» Task to carry out
Pictures aside, the data must be reproduced exactly.

» The data

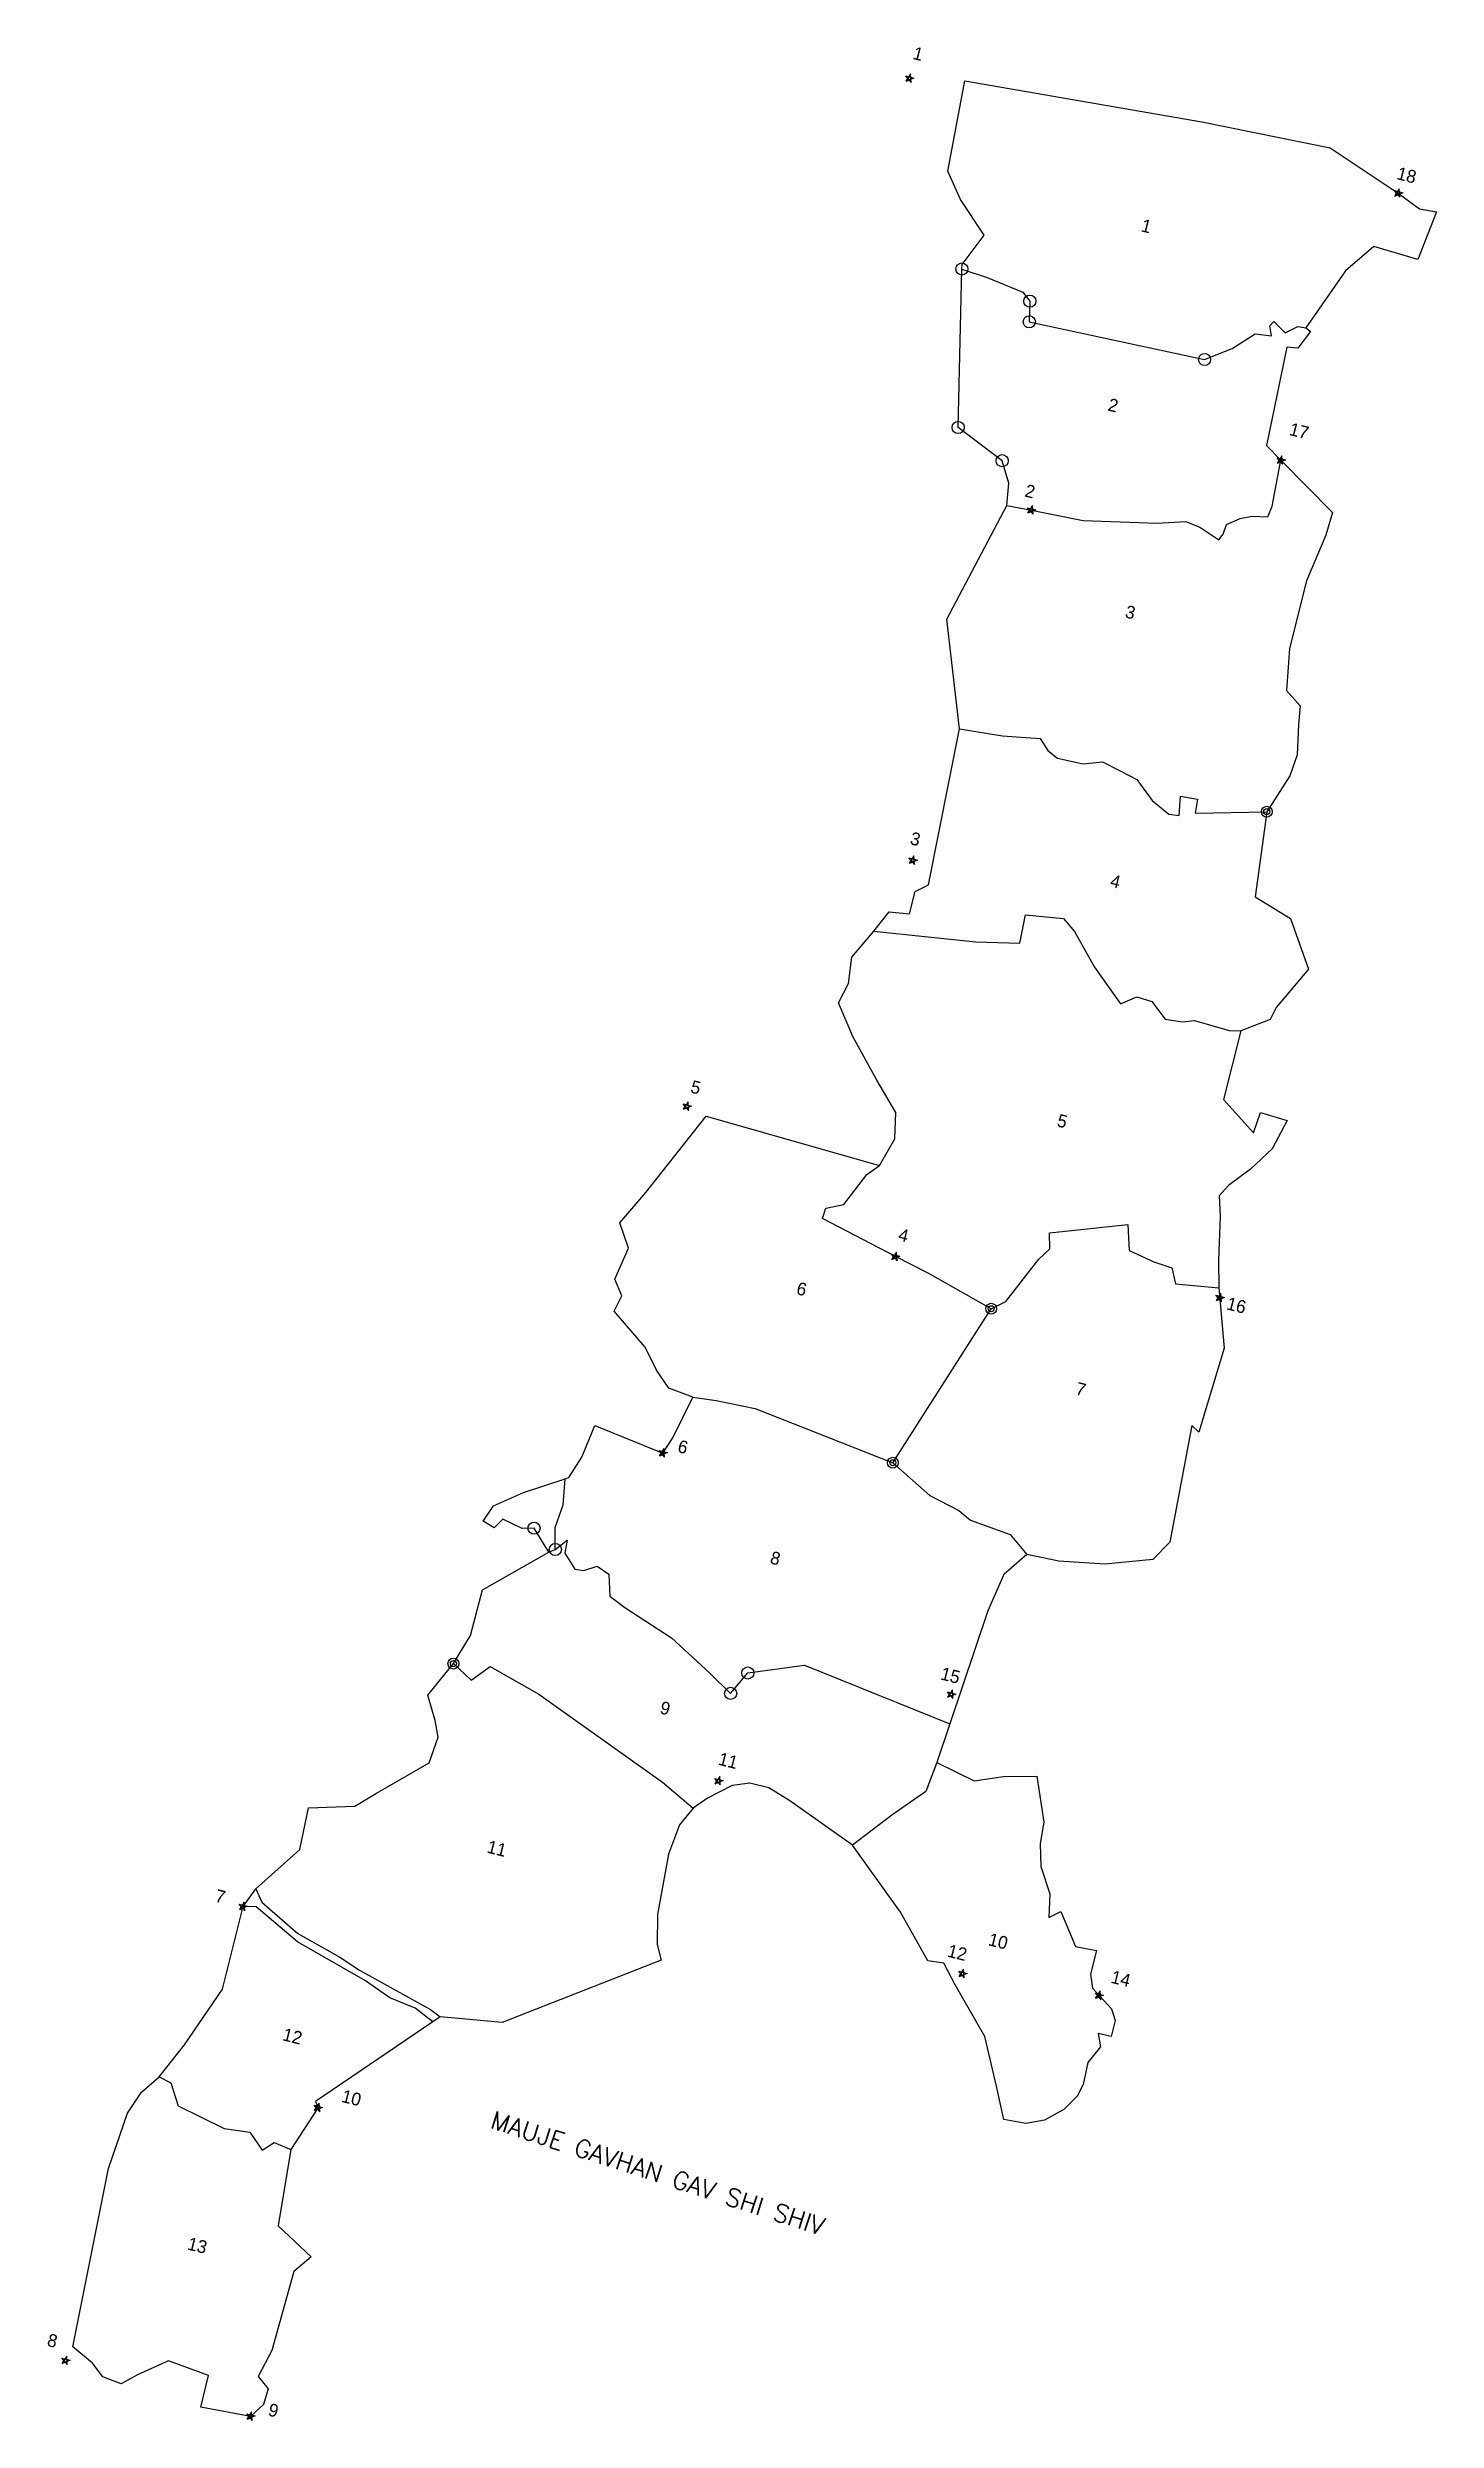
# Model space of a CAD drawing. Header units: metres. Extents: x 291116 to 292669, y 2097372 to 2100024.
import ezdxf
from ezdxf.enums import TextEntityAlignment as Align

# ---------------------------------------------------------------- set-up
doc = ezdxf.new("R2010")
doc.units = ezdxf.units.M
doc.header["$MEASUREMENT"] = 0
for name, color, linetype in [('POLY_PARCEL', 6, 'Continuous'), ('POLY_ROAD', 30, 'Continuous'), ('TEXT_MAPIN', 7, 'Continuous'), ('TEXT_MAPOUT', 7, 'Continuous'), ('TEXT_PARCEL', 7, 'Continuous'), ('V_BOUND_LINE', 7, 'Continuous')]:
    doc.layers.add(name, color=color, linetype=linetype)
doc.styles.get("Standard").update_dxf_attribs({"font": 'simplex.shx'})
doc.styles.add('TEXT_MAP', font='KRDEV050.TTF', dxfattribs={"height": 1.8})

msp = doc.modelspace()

» Solution for this problem
# Model space of a CAD drawing. Header units: metres. Extents: x 291116 to 292669, y 2097372 to 2100024.
import ezdxf
from ezdxf.enums import TextEntityAlignment as Align

# ---------------------------------------------------------------- set-up
doc = ezdxf.new("R2010")
doc.units = ezdxf.units.M
doc.header["$MEASUREMENT"] = 0
for name, color, linetype in [('POLY_PARCEL', 6, 'Continuous'), ('POLY_ROAD', 30, 'Continuous'), ('TEXT_MAPIN', 7, 'Continuous'), ('TEXT_MAPOUT', 7, 'Continuous'), ('TEXT_PARCEL', 7, 'Continuous'), ('V_BOUND_LINE', 7, 'Continuous')]:
    doc.layers.add(name, color=color, linetype=linetype)
doc.styles.get("Standard").update_dxf_attribs({"font": 'simplex.shx'})
doc.styles.add('TEXT_MAP', font='KRDEV050.TTF', dxfattribs={"height": 1.8})

msp = doc.modelspace()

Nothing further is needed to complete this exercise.